**TASK INPUT**
________________________
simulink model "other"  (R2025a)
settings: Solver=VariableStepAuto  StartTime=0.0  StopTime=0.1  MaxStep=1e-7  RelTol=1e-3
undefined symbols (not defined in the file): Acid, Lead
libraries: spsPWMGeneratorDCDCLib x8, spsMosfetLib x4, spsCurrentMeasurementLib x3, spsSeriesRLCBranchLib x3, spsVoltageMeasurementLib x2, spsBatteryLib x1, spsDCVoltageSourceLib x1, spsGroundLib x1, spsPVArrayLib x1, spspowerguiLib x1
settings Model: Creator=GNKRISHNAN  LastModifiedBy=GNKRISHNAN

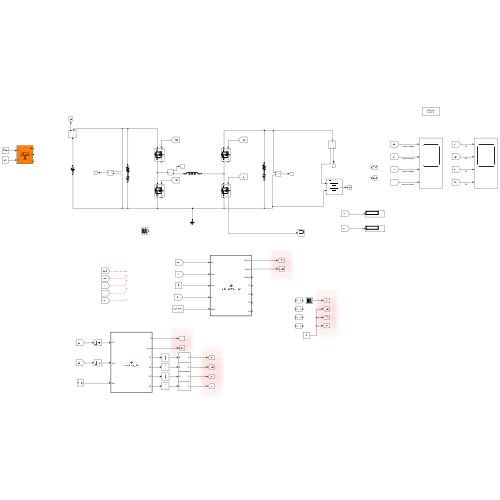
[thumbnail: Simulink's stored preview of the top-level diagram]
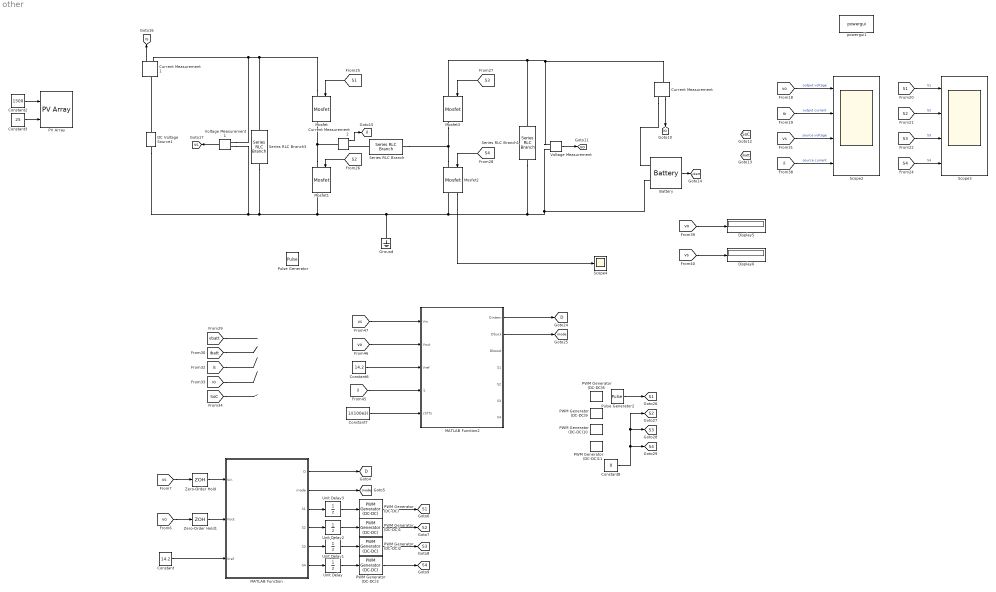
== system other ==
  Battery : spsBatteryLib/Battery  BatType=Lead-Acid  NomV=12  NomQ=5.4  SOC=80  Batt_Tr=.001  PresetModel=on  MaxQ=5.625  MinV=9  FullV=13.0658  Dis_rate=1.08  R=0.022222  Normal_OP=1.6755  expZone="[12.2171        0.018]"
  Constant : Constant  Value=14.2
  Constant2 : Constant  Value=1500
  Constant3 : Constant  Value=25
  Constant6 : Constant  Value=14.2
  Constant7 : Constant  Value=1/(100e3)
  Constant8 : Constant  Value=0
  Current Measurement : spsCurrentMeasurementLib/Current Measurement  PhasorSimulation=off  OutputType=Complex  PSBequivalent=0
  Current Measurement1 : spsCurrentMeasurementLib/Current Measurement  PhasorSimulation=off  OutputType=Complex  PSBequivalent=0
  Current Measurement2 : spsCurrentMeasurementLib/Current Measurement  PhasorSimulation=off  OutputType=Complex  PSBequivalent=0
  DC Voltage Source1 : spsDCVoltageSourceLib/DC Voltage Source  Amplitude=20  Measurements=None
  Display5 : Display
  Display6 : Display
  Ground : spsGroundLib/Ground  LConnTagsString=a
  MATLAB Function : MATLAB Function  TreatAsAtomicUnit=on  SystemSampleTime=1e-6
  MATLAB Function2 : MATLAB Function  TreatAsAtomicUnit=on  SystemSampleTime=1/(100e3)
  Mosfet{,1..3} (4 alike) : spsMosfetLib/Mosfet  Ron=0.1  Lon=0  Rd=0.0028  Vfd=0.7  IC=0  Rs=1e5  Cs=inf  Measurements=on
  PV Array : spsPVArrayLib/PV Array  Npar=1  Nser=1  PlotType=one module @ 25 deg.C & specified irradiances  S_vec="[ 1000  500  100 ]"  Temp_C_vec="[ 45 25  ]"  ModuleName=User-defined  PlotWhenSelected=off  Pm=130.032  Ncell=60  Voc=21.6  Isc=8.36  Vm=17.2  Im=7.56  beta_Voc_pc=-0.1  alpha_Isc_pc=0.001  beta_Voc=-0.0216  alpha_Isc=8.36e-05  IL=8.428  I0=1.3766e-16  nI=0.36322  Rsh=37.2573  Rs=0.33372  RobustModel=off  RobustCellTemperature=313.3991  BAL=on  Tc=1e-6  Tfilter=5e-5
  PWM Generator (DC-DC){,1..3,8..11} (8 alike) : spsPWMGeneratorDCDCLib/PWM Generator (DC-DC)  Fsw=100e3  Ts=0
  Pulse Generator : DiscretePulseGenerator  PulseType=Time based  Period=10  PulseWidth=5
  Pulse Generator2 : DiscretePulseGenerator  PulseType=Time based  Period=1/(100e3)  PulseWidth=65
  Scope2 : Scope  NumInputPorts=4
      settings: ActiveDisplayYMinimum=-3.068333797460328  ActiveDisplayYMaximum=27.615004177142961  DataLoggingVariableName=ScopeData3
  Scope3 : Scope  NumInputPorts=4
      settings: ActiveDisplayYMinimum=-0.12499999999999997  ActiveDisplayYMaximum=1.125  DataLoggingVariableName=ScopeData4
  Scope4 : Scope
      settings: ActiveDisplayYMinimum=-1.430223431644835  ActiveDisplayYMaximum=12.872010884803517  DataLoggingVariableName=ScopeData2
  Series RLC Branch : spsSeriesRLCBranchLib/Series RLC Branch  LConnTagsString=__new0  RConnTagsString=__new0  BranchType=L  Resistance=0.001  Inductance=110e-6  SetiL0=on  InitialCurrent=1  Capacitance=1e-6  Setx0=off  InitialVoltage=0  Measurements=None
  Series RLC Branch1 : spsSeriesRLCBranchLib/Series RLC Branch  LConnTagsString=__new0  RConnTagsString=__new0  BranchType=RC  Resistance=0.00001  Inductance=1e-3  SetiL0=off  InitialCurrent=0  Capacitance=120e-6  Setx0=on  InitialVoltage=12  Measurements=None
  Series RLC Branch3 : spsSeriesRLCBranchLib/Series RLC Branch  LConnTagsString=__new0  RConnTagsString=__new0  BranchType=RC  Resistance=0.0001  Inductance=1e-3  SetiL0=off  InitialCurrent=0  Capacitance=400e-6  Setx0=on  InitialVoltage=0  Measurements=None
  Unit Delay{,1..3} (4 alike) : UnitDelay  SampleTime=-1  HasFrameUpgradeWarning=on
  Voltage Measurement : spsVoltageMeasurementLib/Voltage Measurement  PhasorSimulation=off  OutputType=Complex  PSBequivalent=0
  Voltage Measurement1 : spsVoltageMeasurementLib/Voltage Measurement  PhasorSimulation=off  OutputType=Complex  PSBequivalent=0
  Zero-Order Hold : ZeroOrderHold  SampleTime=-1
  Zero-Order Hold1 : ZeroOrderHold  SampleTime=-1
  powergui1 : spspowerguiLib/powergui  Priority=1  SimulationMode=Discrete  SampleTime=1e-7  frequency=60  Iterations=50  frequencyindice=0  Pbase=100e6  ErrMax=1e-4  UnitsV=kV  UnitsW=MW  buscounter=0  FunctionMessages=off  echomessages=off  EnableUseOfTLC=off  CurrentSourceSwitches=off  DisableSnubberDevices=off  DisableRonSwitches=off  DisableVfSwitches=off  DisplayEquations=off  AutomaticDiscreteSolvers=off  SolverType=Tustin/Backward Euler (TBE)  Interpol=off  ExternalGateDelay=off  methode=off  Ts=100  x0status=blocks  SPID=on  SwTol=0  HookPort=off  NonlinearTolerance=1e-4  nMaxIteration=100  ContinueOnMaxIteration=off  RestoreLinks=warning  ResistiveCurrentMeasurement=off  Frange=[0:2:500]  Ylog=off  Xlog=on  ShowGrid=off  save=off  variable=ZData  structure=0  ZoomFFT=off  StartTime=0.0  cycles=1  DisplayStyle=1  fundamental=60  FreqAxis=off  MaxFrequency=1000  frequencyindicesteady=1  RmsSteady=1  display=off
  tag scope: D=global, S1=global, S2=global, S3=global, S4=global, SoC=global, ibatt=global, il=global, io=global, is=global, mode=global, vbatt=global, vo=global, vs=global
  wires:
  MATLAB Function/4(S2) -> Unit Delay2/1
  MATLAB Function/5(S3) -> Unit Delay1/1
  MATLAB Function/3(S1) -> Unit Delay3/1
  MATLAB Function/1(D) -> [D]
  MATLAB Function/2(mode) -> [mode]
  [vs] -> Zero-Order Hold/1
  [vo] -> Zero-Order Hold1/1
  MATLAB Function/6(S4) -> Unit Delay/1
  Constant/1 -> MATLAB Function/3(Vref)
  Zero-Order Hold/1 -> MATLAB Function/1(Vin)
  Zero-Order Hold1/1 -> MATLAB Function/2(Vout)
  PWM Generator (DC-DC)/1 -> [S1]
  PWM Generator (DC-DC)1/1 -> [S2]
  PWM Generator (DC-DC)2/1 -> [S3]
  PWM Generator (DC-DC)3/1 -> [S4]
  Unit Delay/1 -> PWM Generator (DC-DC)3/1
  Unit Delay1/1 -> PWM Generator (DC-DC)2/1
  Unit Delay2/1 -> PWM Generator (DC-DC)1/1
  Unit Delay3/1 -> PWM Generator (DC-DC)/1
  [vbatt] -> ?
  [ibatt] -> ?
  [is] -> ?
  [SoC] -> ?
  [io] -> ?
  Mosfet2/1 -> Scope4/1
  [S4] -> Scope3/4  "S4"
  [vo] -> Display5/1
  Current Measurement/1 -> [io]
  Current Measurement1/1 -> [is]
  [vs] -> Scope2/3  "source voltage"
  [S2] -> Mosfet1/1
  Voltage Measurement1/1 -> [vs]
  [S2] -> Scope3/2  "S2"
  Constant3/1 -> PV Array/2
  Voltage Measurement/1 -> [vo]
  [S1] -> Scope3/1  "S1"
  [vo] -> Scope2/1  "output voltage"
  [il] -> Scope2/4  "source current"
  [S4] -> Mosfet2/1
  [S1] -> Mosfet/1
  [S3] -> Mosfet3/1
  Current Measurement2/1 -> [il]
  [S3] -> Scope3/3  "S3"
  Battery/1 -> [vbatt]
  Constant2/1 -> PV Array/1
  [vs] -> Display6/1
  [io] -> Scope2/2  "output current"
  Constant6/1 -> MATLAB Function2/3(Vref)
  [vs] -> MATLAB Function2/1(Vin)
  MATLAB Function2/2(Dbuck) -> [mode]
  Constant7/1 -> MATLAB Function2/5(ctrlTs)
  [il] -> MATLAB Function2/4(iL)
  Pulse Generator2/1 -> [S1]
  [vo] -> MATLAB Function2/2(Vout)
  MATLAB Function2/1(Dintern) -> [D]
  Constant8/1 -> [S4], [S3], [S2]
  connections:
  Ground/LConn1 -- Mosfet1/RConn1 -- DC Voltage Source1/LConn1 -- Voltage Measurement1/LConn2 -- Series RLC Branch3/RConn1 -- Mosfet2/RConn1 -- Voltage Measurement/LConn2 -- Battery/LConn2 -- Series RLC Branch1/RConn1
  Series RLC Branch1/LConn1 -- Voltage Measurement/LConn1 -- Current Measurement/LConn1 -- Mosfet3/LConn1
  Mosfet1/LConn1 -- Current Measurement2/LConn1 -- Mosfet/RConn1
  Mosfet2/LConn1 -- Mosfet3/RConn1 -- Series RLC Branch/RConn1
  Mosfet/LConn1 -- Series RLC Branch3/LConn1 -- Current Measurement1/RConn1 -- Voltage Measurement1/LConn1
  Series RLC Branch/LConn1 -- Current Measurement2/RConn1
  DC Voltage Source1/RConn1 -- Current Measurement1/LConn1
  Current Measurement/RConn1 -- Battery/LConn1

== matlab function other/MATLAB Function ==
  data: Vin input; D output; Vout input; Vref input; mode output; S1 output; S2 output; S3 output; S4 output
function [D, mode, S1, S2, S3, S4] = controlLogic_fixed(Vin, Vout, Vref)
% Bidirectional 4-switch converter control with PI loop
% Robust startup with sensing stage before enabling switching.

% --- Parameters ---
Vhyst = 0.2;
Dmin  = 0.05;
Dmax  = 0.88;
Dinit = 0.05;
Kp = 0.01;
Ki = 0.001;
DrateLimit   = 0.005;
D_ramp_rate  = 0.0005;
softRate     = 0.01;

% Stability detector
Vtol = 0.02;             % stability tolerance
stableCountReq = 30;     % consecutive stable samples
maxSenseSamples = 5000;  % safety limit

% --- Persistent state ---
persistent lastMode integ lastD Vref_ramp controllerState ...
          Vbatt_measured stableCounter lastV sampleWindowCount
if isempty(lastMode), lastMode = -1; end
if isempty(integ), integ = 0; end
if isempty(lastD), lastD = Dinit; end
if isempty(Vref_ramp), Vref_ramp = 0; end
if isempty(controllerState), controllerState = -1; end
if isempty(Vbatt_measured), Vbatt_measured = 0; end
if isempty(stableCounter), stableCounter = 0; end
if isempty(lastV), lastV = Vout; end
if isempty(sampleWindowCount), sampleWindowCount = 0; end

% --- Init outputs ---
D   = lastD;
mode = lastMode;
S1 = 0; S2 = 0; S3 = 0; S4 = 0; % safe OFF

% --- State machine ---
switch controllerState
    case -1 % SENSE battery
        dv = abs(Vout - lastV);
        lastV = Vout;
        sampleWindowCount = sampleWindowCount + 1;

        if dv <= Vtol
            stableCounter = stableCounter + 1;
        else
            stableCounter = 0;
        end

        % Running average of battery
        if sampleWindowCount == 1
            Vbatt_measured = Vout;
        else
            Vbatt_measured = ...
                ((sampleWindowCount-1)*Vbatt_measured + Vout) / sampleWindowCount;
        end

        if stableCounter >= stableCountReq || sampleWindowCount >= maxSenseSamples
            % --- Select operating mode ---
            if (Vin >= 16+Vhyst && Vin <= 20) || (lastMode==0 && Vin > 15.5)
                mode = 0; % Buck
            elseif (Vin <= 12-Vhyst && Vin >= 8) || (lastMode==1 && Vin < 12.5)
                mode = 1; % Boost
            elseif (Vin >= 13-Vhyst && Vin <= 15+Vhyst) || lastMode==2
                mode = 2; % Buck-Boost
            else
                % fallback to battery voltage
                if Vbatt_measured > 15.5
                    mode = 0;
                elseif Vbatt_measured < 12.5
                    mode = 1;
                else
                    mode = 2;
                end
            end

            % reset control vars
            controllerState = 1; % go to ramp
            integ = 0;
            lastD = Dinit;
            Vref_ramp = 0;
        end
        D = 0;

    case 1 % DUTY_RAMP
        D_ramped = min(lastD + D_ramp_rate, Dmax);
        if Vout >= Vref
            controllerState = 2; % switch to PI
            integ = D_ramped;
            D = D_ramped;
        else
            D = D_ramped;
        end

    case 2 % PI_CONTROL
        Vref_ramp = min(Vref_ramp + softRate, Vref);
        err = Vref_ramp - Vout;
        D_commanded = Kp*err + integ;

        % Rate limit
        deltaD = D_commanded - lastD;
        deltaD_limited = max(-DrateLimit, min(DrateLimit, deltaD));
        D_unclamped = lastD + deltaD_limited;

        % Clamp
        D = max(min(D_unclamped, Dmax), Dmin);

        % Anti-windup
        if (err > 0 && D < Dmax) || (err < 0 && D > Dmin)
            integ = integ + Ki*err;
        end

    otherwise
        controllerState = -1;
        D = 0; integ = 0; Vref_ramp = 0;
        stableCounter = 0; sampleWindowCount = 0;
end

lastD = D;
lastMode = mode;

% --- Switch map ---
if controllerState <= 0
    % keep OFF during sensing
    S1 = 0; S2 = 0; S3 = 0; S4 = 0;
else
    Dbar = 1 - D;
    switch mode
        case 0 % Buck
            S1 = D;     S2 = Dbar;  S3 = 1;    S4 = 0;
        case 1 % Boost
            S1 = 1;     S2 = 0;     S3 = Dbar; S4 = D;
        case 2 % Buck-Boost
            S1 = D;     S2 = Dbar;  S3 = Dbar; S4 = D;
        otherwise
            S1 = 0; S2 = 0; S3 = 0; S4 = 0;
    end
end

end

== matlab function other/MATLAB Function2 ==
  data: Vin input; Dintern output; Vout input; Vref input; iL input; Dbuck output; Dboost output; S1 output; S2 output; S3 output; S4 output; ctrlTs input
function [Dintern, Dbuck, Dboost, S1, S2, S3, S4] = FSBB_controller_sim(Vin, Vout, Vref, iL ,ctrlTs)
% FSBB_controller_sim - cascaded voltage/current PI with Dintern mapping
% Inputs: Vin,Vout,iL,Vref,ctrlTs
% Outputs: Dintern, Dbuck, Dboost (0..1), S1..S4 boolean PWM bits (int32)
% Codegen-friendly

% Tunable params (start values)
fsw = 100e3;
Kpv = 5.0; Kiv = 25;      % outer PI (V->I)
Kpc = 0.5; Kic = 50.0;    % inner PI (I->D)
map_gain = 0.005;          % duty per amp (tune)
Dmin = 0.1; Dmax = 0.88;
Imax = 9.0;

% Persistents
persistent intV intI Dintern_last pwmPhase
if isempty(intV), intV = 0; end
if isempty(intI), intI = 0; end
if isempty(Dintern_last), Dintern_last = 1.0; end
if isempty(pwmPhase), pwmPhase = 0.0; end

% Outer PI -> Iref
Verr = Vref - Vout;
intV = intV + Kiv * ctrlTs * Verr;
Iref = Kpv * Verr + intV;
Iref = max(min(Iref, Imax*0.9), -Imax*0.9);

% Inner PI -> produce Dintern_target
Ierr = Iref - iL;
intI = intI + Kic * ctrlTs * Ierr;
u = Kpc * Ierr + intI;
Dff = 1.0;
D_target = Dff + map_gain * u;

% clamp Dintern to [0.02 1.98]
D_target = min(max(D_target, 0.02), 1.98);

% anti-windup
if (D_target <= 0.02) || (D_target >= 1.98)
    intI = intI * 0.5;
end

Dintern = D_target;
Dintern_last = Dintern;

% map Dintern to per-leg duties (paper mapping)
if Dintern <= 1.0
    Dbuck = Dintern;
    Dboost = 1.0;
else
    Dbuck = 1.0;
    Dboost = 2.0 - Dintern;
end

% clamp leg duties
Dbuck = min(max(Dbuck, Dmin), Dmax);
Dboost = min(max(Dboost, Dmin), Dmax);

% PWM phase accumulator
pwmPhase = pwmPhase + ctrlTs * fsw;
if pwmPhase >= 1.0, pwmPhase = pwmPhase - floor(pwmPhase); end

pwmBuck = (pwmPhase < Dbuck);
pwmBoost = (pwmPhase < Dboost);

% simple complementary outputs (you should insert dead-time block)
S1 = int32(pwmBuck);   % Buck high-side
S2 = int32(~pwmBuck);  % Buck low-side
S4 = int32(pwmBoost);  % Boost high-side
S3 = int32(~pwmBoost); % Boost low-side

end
________________________
Every line above that holds the string "case" should be copied into the answer.

    case -1 % SENSE battery
    case 1 % DUTY_RAMP
    case 2 % PI_CONTROL
        case 0 % Buck
        case 1 % Boost
        case 2 % Buck-Boost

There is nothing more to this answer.